-- Opening Marker --

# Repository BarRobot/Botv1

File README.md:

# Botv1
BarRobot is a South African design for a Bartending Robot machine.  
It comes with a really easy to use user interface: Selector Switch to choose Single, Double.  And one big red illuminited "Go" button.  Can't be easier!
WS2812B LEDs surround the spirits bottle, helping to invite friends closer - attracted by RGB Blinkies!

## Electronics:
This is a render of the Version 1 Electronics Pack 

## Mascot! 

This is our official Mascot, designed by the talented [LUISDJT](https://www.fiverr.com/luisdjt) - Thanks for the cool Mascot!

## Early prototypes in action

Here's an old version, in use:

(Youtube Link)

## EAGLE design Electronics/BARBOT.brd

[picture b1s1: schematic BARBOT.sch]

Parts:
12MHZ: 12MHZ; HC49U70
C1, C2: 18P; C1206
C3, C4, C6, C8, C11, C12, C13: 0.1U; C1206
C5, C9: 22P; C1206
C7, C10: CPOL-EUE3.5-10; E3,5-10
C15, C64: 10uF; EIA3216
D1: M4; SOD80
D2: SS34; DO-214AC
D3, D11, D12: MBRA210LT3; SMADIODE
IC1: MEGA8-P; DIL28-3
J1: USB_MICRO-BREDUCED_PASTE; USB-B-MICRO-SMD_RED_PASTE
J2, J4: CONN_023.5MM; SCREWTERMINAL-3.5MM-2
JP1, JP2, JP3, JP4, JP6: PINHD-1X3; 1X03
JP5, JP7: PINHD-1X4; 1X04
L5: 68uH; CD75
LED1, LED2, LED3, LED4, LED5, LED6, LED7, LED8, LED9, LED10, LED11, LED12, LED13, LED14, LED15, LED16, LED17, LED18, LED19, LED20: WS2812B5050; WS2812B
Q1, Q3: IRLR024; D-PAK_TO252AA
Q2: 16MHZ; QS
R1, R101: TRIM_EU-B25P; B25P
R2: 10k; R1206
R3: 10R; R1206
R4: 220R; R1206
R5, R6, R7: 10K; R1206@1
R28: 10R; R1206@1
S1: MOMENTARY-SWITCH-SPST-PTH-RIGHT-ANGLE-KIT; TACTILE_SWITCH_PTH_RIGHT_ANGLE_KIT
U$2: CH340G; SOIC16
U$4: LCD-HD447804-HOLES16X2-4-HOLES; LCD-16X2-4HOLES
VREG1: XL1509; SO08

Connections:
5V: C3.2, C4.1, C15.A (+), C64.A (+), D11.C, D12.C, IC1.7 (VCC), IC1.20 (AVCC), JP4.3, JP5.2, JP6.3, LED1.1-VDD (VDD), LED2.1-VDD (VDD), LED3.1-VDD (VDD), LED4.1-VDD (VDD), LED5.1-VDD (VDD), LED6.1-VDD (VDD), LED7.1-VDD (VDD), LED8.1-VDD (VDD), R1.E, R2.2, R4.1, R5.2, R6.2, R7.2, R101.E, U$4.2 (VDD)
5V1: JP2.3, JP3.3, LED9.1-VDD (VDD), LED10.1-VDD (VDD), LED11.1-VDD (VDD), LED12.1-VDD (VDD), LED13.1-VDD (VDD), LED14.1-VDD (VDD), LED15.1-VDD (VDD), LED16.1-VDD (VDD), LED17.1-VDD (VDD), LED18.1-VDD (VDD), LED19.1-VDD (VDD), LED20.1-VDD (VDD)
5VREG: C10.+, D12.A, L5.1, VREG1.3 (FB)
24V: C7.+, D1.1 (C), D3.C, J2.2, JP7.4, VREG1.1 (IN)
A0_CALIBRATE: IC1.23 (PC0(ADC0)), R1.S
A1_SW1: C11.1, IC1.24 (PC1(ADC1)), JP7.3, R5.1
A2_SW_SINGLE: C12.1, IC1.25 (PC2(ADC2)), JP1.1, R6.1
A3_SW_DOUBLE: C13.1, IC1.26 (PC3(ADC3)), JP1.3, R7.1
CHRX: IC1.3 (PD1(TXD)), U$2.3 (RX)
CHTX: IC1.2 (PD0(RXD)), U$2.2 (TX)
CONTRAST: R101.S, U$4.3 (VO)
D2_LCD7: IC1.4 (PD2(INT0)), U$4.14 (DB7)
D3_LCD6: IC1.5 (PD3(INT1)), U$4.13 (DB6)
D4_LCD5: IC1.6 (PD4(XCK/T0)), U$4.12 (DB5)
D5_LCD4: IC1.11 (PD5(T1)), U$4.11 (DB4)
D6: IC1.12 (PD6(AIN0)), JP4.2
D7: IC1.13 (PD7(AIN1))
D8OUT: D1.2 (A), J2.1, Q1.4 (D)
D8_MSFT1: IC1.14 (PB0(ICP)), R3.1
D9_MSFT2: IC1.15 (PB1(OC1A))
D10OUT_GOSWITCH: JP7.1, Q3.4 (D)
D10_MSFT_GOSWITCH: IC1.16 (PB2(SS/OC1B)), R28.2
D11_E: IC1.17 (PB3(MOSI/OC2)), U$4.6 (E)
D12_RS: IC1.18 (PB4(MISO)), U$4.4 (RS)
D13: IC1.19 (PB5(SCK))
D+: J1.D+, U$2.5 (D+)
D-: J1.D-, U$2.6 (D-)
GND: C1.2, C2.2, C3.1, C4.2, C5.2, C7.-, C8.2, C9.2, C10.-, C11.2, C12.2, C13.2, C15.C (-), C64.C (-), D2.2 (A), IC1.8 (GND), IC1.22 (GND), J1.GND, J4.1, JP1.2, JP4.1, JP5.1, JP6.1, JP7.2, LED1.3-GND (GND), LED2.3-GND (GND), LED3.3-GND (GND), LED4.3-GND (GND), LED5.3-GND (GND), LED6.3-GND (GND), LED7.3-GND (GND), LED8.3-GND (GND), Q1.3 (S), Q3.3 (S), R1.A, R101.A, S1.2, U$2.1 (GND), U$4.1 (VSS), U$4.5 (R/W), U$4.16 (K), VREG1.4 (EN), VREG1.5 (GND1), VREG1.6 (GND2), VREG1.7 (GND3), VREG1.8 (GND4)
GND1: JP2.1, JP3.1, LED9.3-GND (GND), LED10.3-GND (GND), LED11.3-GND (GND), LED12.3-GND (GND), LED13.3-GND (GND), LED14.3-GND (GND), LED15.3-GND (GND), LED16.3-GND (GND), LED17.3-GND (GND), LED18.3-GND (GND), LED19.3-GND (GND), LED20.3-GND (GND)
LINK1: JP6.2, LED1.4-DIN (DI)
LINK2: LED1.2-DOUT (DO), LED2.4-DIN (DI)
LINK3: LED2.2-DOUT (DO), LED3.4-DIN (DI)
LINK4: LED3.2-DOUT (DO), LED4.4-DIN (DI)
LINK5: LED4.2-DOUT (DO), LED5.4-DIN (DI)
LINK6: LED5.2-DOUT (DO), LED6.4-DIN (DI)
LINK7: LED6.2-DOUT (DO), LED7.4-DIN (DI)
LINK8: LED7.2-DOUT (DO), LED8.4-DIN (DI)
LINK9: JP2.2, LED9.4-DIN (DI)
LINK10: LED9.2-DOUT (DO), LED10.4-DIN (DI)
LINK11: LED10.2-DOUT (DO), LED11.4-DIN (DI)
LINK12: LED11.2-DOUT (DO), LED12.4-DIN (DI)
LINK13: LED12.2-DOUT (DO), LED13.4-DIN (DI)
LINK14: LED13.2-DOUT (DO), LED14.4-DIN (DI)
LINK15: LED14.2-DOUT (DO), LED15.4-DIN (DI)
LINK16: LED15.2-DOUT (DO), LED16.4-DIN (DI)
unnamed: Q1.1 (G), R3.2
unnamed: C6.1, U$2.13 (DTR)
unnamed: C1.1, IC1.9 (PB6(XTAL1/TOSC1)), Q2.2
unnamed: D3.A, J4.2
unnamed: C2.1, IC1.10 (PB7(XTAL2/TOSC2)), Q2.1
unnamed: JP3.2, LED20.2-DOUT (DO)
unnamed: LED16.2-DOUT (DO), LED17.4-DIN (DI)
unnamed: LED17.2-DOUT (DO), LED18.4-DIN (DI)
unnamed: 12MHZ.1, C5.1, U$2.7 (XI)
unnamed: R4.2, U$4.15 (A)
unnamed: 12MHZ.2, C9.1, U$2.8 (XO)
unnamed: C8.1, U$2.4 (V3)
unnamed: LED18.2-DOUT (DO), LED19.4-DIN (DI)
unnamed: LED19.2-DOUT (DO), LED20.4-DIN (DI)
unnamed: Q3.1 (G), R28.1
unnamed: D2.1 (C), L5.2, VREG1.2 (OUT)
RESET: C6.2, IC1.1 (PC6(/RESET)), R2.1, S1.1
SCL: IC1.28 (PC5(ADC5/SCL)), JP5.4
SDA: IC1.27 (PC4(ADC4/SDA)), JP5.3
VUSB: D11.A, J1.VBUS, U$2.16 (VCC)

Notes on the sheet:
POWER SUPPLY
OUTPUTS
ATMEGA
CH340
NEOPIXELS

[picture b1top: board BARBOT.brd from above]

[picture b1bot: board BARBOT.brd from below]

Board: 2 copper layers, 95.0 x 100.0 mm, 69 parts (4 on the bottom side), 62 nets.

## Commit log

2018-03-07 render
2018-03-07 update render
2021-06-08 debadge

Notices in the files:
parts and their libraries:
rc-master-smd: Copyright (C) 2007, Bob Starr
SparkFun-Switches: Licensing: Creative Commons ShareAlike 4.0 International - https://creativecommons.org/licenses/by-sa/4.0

-- Closing Marker --

From the line with "LINK11: LED10.2-DOUT (DO), LED11.4-DIN (DI)" to the final line of the listing, write out each line unchanged. Add nothing.

### [Solved problem]
LINK11: LED10.2-DOUT (DO), LED11.4-DIN (DI)
LINK12: LED11.2-DOUT (DO), LED12.4-DIN (DI)
LINK13: LED12.2-DOUT (DO), LED13.4-DIN (DI)
LINK14: LED13.2-DOUT (DO), LED14.4-DIN (DI)
LINK15: LED14.2-DOUT (DO), LED15.4-DIN (DI)
LINK16: LED15.2-DOUT (DO), LED16.4-DIN (DI)
unnamed: Q1.1 (G), R3.2
unnamed: C6.1, U$2.13 (DTR)
unnamed: C1.1, IC1.9 (PB6(XTAL1/TOSC1)), Q2.2
unnamed: D3.A, J4.2
unnamed: C2.1, IC1.10 (PB7(XTAL2/TOSC2)), Q2.1
unnamed: JP3.2, LED20.2-DOUT (DO)
unnamed: LED16.2-DOUT (DO), LED17.4-DIN (DI)
unnamed: LED17.2-DOUT (DO), LED18.4-DIN (DI)
unnamed: 12MHZ.1, C5.1, U$2.7 (XI)
unnamed: R4.2, U$4.15 (A)
unnamed: 12MHZ.2, C9.1, U$2.8 (XO)
unnamed: C8.1, U$2.4 (V3)
unnamed: LED18.2-DOUT (DO), LED19.4-DIN (DI)
unnamed: LED19.2-DOUT (DO), LED20.4-DIN (DI)
unnamed: Q3.1 (G), R28.1
unnamed: D2.1 (C), L5.2, VREG1.2 (OUT)
RESET: C6.2, IC1.1 (PC6(/RESET)), R2.1, S1.1
SCL: IC1.28 (PC5(ADC5/SCL)), JP5.4
SDA: IC1.27 (PC4(ADC4/SDA)), JP5.3
VUSB: D11.A, J1.VBUS, U$2.16 (VCC)

Notes on the sheet:
POWER SUPPLY
OUTPUTS
ATMEGA
CH340
NEOPIXELS

[picture b1top: board BARBOT.brd from above]

[picture b1bot: board BARBOT.brd from below]

Board: 2 copper layers, 95.0 x 100.0 mm, 69 parts (4 on the bottom side), 62 nets.

## Commit log

2018-03-07 render
2018-03-07 update render
2021-06-08 debadge

Notices in the files:
parts and their libraries:
rc-master-smd: Copyright (C) 2007, Bob Starr
SparkFun-Switches: Licensing: Creative Commons ShareAlike 4.0 International - https://creativecommons.org/licenses/by-sa/4.0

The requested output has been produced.